Ruangan bagian atas disebut dengan langen dalem. Ruangan itu merupakan tempat perempuan tinggal. Langen dalem dibagi menjadi dua ruangan, yaitu dalem bale, yang berfungsi sebagai dapur dan tempat tidur perempuan yang sudah menikah, dan bale dalem, yang berfungsi sebagai tempat melahirkan, menyimpan barang berharga, dan kamar tidur perempuan yang belum menikah.
Baca juga : 36 Pemenang Menulis Cerpen FTBI Sumatera Selatan Mengikuti Kemah Cerpen
Bale dalem dianggap sebagai tempat yang sakral, masyarakat Sasak menempatkan anak perempuan mereka di sana sebagai simbol perlindungan. Hal itu terkait dengan tradisi kawin culik yang terdapat di wilayah Lombok. Bale dalem cukup aman karena satu-satunya akses untuk melewatinya ialah sesangkok.
Sementara itu, dalem bale difungsikan sebagai pawon, tempat membuat sesaji dan tempat tidur perempuan yang telah menikah. Pada dalem bale, terdapat kompor tradisional yang terbuat dari tanah liat yang disebut dengan jangkih, peralatan masak tradisional yang biasanya dipakai untuk ritual dan upacara adat.
Ruangan atas (langen dalem) dan bawah (sesangkok) dihubungkan dengan tiga atau empat anak tangga. Lukita, Tulistyantoro, dan Kattu (2016) menganggap bahwa empat anak tangga merupakan perlambangan antara manusia, orangtua, leluhur, dan Tuhan. Simbolisasi itu merupakan pengingat akan akar dan tujuan hidup manusia. Sementara itu, tiga anak tangga menyimbolkan siklus hidup manusia, dari lahir berkembang hingga mati. Widisono (2019), di sisi lain, mengaitkan tiga anak tangga tersebut dengan ajaran Islam Wetu Telu.
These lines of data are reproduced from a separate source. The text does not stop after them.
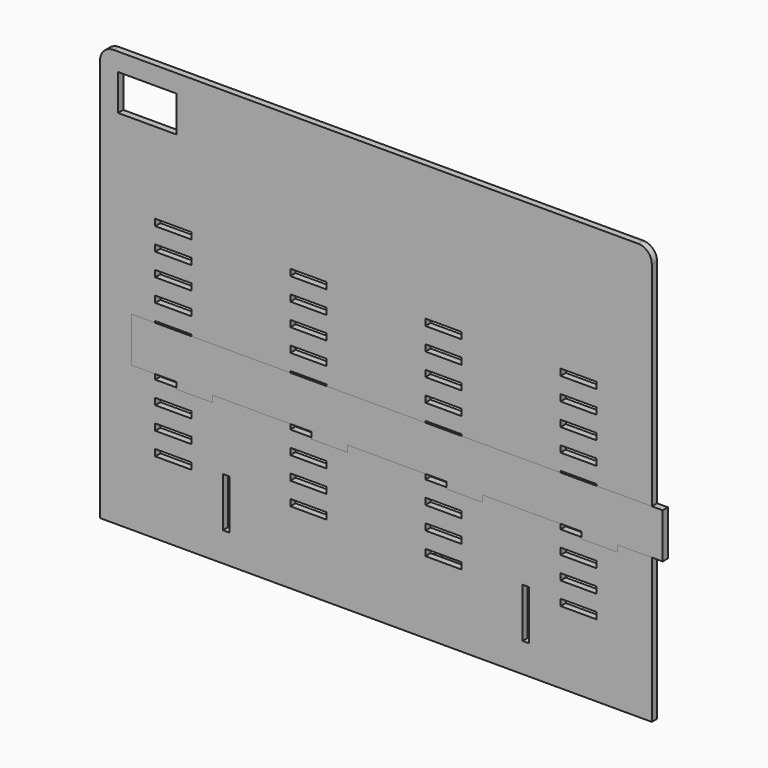
from build123d import *

# Parameters (mm, degrees)
F0_W     = 16
F0_H     = 2.9
F0_W_2   = 2.9
F0_H_2   = 22
F0_W_3   = 26
F0_H_3   = 16
F1_DEPTH = 2.9
F3_DEPTH = 1.45
F5_DEPTH = 2.9


# Not quite as in the source:
# - a feature names something its author has since deleted; it is built from what else it names


with BuildPart() as f1:
    # F0 (on Front) → F1 (new body)
    with BuildSketch(Plane.XZ):
        with BuildLine():
            Line((116.5, 185), (-116.5, 185))
            ThreePointArc((-116.5, 185), (-120.7426406871, 183.2426406871), (-122.5, 179))
            Line((-122.5, 179), (-122.5, 0))
            Line((-122.5, 0), (122.5, 0))
            Line((122.5, 0), (122.5, 179))
            ThreePointArc((122.5, 179), (120.7426406871, 183.2426406871), (116.5, 185))
        make_face()
        with Locations((-90, 33.55)):
            Rectangle(F0_W, F0_H, mode=Mode.SUBTRACT)
        with Locations((-66.55, 24)):
            Rectangle(F0_W_2, F0_H_2, mode=Mode.SUBTRACT)
        with Locations((-90, 43.55)):
            Rectangle(F0_W, F0_H, mode=Mode.SUBTRACT)
        with Locations((-30, 33.55)):
            Rectangle(F0_W, F0_H, mode=Mode.SUBTRACT)
        with Locations((-30, 43.55)):
            Rectangle(F0_W, F0_H, mode=Mode.SUBTRACT)
        with Locations((-90, 53.55)):
            Rectangle(F0_W, F0_H, mode=Mode.SUBTRACT)
        with Locations((-90, 63.55)):
            Rectangle(F0_W, F0_H, mode=Mode.SUBTRACT)
        with Locations((-90, 73.55)):
            Rectangle(F0_W, F0_H, mode=Mode.SUBTRACT)
        with Locations((-90, 83.55)):
            Rectangle(F0_W, F0_H, mode=Mode.SUBTRACT)
        with Locations((-30, 53.55)):
            Rectangle(F0_W, F0_H, mode=Mode.SUBTRACT)
        with Locations((-30, 63.55)):
            Rectangle(F0_W, F0_H, mode=Mode.SUBTRACT)
        with Locations((-30, 73.55)):
            Rectangle(F0_W, F0_H, mode=Mode.SUBTRACT)
        with Locations((-30, 83.55)):
            Rectangle(F0_W, F0_H, mode=Mode.SUBTRACT)
        with Locations((30, 33.55)):
            Rectangle(F0_W, F0_H, mode=Mode.SUBTRACT)
        with Locations((30, 43.55)):
            Rectangle(F0_W, F0_H, mode=Mode.SUBTRACT)
        with Locations((66.55, 24)):
            Rectangle(F0_W_2, F0_H_2, mode=Mode.SUBTRACT)
        with Locations((90, 33.55)):
            Rectangle(F0_W, F0_H, mode=Mode.SUBTRACT)
        with Locations((90, 43.55)):
            Rectangle(F0_W, F0_H, mode=Mode.SUBTRACT)
        with Locations((30, 53.55)):
            Rectangle(F0_W, F0_H, mode=Mode.SUBTRACT)
        with Locations((30, 63.55)):
            Rectangle(F0_W, F0_H, mode=Mode.SUBTRACT)
        with Locations((30, 73.55)):
            Rectangle(F0_W, F0_H, mode=Mode.SUBTRACT)
        with Locations((30, 83.55)):
            Rectangle(F0_W, F0_H, mode=Mode.SUBTRACT)
        with Locations((90, 53.55)):
            Rectangle(F0_W, F0_H, mode=Mode.SUBTRACT)
        with Locations((90, 63.55)):
            Rectangle(F0_W, F0_H, mode=Mode.SUBTRACT)
        with Locations((90, 73.55)):
            Rectangle(F0_W, F0_H, mode=Mode.SUBTRACT)
        with Locations((90, 83.55)):
            Rectangle(F0_W, F0_H, mode=Mode.SUBTRACT)
        with Locations((-90, 93.55)):
            Rectangle(F0_W, F0_H, mode=Mode.SUBTRACT)
        with Locations((-90, 103.55)):
            Rectangle(F0_W, F0_H, mode=Mode.SUBTRACT)
        with Locations((-90, 113.55)):
            Rectangle(F0_W, F0_H, mode=Mode.SUBTRACT)
        with Locations((-90, 123.55)):
            Rectangle(F0_W, F0_H, mode=Mode.SUBTRACT)
        with Locations((-30, 93.55)):
            Rectangle(F0_W, F0_H, mode=Mode.SUBTRACT)
        with Locations((-30, 103.55)):
            Rectangle(F0_W, F0_H, mode=Mode.SUBTRACT)
        with Locations((-30, 113.55)):
            Rectangle(F0_W, F0_H, mode=Mode.SUBTRACT)
        with Locations((-30, 123.55)):
            Rectangle(F0_W, F0_H, mode=Mode.SUBTRACT)
        with Locations((-101.5, 169)):
            Rectangle(F0_W_3, F0_H_3, mode=Mode.SUBTRACT)
        with Locations((30, 93.55)):
            Rectangle(F0_W, F0_H, mode=Mode.SUBTRACT)
        with Locations((30, 103.55)):
            Rectangle(F0_W, F0_H, mode=Mode.SUBTRACT)
        with Locations((30, 113.55)):
            Rectangle(F0_W, F0_H, mode=Mode.SUBTRACT)
        with Locations((30, 123.55)):
            Rectangle(F0_W, F0_H, mode=Mode.SUBTRACT)
        with Locations((90, 93.55)):
            Rectangle(F0_W, F0_H, mode=Mode.SUBTRACT)
        with Locations((90, 103.55)):
            Rectangle(F0_W, F0_H, mode=Mode.SUBTRACT)
        with Locations((90, 113.55)):
            Rectangle(F0_W, F0_H, mode=Mode.SUBTRACT)
        with Locations((90, 123.55)):
            Rectangle(F0_W, F0_H, mode=Mode.SUBTRACT)
    extrude(amount=F1_DEPTH)


with BuildPart() as f3:
    # F2 (on Right) → F3 (new body, symmetric)
    with BuildSketch(Plane.YZ):
        Polygon((6.5, 11.2583302492), (0, 0), (125, 0), (18.2493059725, 13.1073370922), (27.5, 47.6313972081), (17.5, 30.3108891325), (14.988526329, 31.7608891325), (3.988526329, 12.7083302492), align=None)
    extrude(amount=F3_DEPTH, both=True)


with BuildPart() as f5:
    # F4 (on Front) → F5 (new body)
    with BuildSketch(Plane.XZ):
        Polygon((-108.6425621135, 84.2970302286), (-108.6425621135, 64.2970302286), (-88.6425621135, 64.2970302286), (-88.6425621135, 61.3970302286), (-72.6425621135, 61.3970302286), (-72.6425621135, 64.2970302286), (-28.6425621135, 64.2970302286), (-28.6425621135, 61.3970302286), (-12.6425621135, 61.3970302286), (-12.6425621135, 64.2970302286), (31.3574378865, 64.2970302286), (31.3574378865, 61.3970302286), (47.3574378865, 61.3970302286), (47.3574378865, 64.2970302286), (91.3574378865, 64.2970302286), (91.3574378865, 61.3970302286), (107.3574378865, 61.3970302286), (107.3574378865, 64.2970302286), (127.3574378865, 64.2970302286), (127.3574378865, 84.2970302286), align=None)
    extrude(amount=F5_DEPTH)


solid = Compound([f1.part, f3.part, f5.part])

Baca juga : Berguru kepada Alam, FIB UI Gelar Dies Natalis ke-84
Di beberapa bale, pemilik sengaja menambahkan dua lagi tangga sebagai perlambang bahwa pemilik rumah telah memeluk Islam secara utuh (Widisono, 2019). Ditelaah dari sini, bale sebenarnya menyimpan jejak dinamika kepercayaan masyarakat Sasak yang dinamis.
Warisan budaya takbenda
Baca juga : Senandung Pergi Haji dalam Masyarakat Kerinci
Kompleksitas fungsi, makna, dan estetika itulah yang membuat rumah Sade terdaftar dalam salah satu warisan budaya takbenda pada 2010, dalam domain kemahiran dan kerajinan tradisional. Bagi masyarakat Sade, rumah bukan sekadar tempat berlindung. Rumah merupakan bagian penting dalam kehidupan sosial dan spiritual mereka. Setiap aspek dalam rumah Sade dirancang untuk mengingatkan penghuninya terhadap beragam nilai luhur dari masa lalu.
Saat ini, di hari biasa desa adat Sade yang berada di tepi jalan menuju Mandalika, atau yang menjadi salah satu dari sepuluh Bali Baru itu, rata-rata dikunjungi 100 orang. Jumlah pengunjung itu akan meningkat dua kali lipat pada hari libur.
Dengan keunikan dan identitasnya, Sade menawarkan alternatif wisata budaya yang menarik. Tentu, dengan pengelolaan dan kerja sama yang baik dari berbagai pihak, tidak mustahil bagi desa adat Sade untuk menjadi salah satu tulang punggung pariwisata Lombok yang berkelanjutan. (M-1)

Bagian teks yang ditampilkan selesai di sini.